▸ Record set:

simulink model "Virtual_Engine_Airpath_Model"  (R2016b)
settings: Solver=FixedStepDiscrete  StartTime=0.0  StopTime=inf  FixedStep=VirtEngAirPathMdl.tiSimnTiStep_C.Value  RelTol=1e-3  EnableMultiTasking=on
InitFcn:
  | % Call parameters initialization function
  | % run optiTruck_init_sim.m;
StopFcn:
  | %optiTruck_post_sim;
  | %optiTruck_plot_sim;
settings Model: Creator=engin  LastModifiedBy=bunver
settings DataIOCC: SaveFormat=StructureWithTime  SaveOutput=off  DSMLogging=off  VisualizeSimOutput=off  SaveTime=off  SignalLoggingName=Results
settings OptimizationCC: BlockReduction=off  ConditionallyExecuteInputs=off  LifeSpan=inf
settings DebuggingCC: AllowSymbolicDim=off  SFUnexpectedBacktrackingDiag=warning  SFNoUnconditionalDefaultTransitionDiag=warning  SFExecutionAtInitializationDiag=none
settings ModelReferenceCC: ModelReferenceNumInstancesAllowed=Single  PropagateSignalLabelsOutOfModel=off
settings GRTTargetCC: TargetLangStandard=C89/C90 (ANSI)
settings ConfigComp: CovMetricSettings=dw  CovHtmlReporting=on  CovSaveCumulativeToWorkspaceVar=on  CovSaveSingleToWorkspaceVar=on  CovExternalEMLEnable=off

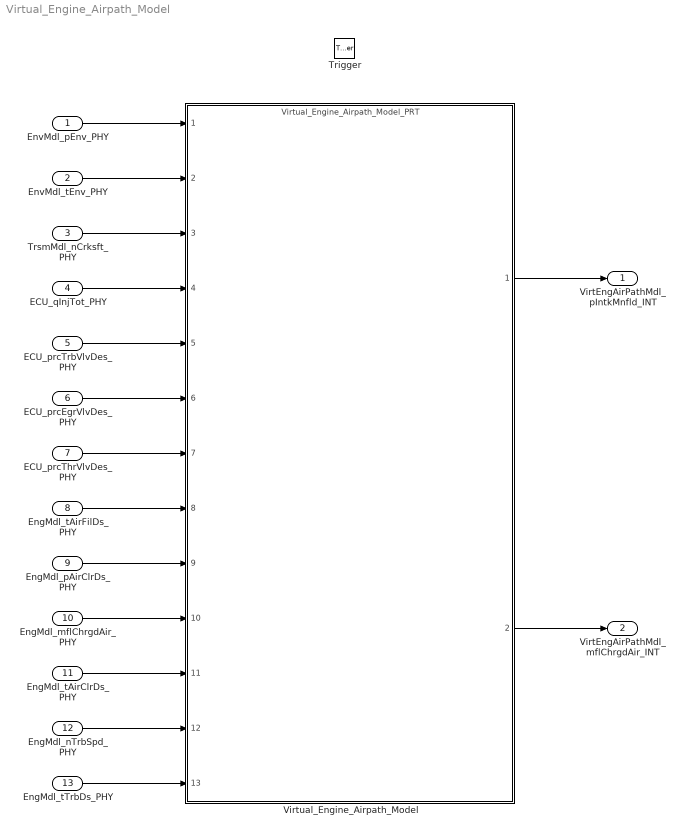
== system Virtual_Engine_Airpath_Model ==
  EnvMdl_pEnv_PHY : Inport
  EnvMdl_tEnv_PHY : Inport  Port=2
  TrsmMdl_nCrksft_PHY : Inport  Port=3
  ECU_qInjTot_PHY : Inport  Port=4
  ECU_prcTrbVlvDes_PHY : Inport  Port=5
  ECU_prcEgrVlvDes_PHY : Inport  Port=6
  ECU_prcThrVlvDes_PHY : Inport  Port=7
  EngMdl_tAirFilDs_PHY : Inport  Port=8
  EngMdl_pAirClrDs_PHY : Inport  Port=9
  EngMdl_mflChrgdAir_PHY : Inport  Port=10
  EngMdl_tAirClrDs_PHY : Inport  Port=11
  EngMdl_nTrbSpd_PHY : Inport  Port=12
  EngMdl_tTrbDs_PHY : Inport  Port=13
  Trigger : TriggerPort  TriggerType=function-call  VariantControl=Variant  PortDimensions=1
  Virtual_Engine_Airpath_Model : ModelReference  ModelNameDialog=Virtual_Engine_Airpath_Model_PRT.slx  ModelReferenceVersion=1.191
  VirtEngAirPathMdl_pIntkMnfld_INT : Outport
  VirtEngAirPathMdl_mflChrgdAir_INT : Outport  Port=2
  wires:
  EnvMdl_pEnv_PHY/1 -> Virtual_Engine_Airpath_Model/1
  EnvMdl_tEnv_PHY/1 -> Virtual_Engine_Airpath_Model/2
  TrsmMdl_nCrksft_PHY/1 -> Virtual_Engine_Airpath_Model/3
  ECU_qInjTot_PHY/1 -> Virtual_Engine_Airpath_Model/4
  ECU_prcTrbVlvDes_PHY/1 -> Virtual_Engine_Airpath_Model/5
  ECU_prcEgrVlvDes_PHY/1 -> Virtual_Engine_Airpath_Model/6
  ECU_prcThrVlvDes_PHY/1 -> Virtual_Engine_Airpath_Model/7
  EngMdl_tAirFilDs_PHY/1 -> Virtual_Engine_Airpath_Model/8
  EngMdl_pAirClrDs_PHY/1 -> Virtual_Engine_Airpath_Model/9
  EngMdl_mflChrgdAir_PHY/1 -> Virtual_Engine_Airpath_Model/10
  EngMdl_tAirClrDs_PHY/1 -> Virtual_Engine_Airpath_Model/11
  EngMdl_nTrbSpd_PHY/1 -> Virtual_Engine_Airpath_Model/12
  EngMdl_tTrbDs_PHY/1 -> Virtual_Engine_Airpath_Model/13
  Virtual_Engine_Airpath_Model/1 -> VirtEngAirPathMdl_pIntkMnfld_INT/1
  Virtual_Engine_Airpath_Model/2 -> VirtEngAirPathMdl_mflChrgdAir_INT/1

▸ Your objective: Omit all pictures and repeat the rest of the records verbatim.

▸ Solution for this task:
simulink model "Virtual_Engine_Airpath_Model"  (R2016b)
settings: Solver=FixedStepDiscrete  StartTime=0.0  StopTime=inf  FixedStep=VirtEngAirPathMdl.tiSimnTiStep_C.Value  RelTol=1e-3  EnableMultiTasking=on
InitFcn:
  | % Call parameters initialization function
  | % run optiTruck_init_sim.m;
StopFcn:
  | %optiTruck_post_sim;
  | %optiTruck_plot_sim;
settings Model: Creator=engin  LastModifiedBy=bunver
settings DataIOCC: SaveFormat=StructureWithTime  SaveOutput=off  DSMLogging=off  VisualizeSimOutput=off  SaveTime=off  SignalLoggingName=Results
settings OptimizationCC: BlockReduction=off  ConditionallyExecuteInputs=off  LifeSpan=inf
settings DebuggingCC: AllowSymbolicDim=off  SFUnexpectedBacktrackingDiag=warning  SFNoUnconditionalDefaultTransitionDiag=warning  SFExecutionAtInitializationDiag=none
settings ModelReferenceCC: ModelReferenceNumInstancesAllowed=Single  PropagateSignalLabelsOutOfModel=off
settings GRTTargetCC: TargetLangStandard=C89/C90 (ANSI)
settings ConfigComp: CovMetricSettings=dw  CovHtmlReporting=on  CovSaveCumulativeToWorkspaceVar=on  CovSaveSingleToWorkspaceVar=on  CovExternalEMLEnable=off

== system Virtual_Engine_Airpath_Model ==
  EnvMdl_pEnv_PHY : Inport
  EnvMdl_tEnv_PHY : Inport  Port=2
  TrsmMdl_nCrksft_PHY : Inport  Port=3
  ECU_qInjTot_PHY : Inport  Port=4
  ECU_prcTrbVlvDes_PHY : Inport  Port=5
  ECU_prcEgrVlvDes_PHY : Inport  Port=6
  ECU_prcThrVlvDes_PHY : Inport  Port=7
  EngMdl_tAirFilDs_PHY : Inport  Port=8
  EngMdl_pAirClrDs_PHY : Inport  Port=9
  EngMdl_mflChrgdAir_PHY : Inport  Port=10
  EngMdl_tAirClrDs_PHY : Inport  Port=11
  EngMdl_nTrbSpd_PHY : Inport  Port=12
  EngMdl_tTrbDs_PHY : Inport  Port=13
  Trigger : TriggerPort  TriggerType=function-call  VariantControl=Variant  PortDimensions=1
  Virtual_Engine_Airpath_Model : ModelReference  ModelNameDialog=Virtual_Engine_Airpath_Model_PRT.slx  ModelReferenceVersion=1.191
  VirtEngAirPathMdl_pIntkMnfld_INT : Outport
  VirtEngAirPathMdl_mflChrgdAir_INT : Outport  Port=2
  wires:
  EnvMdl_pEnv_PHY/1 -> Virtual_Engine_Airpath_Model/1
  EnvMdl_tEnv_PHY/1 -> Virtual_Engine_Airpath_Model/2
  TrsmMdl_nCrksft_PHY/1 -> Virtual_Engine_Airpath_Model/3
  ECU_qInjTot_PHY/1 -> Virtual_Engine_Airpath_Model/4
  ECU_prcTrbVlvDes_PHY/1 -> Virtual_Engine_Airpath_Model/5
  ECU_prcEgrVlvDes_PHY/1 -> Virtual_Engine_Airpath_Model/6
  ECU_prcThrVlvDes_PHY/1 -> Virtual_Engine_Airpath_Model/7
  EngMdl_tAirFilDs_PHY/1 -> Virtual_Engine_Airpath_Model/8
  EngMdl_pAirClrDs_PHY/1 -> Virtual_Engine_Airpath_Model/9
  EngMdl_mflChrgdAir_PHY/1 -> Virtual_Engine_Airpath_Model/10
  EngMdl_tAirClrDs_PHY/1 -> Virtual_Engine_Airpath_Model/11
  EngMdl_nTrbSpd_PHY/1 -> Virtual_Engine_Airpath_Model/12
  EngMdl_tTrbDs_PHY/1 -> Virtual_Engine_Airpath_Model/13
  Virtual_Engine_Airpath_Model/1 -> VirtEngAirPathMdl_pIntkMnfld_INT/1
  Virtual_Engine_Airpath_Model/2 -> VirtEngAirPathMdl_mflChrgdAir_INT/1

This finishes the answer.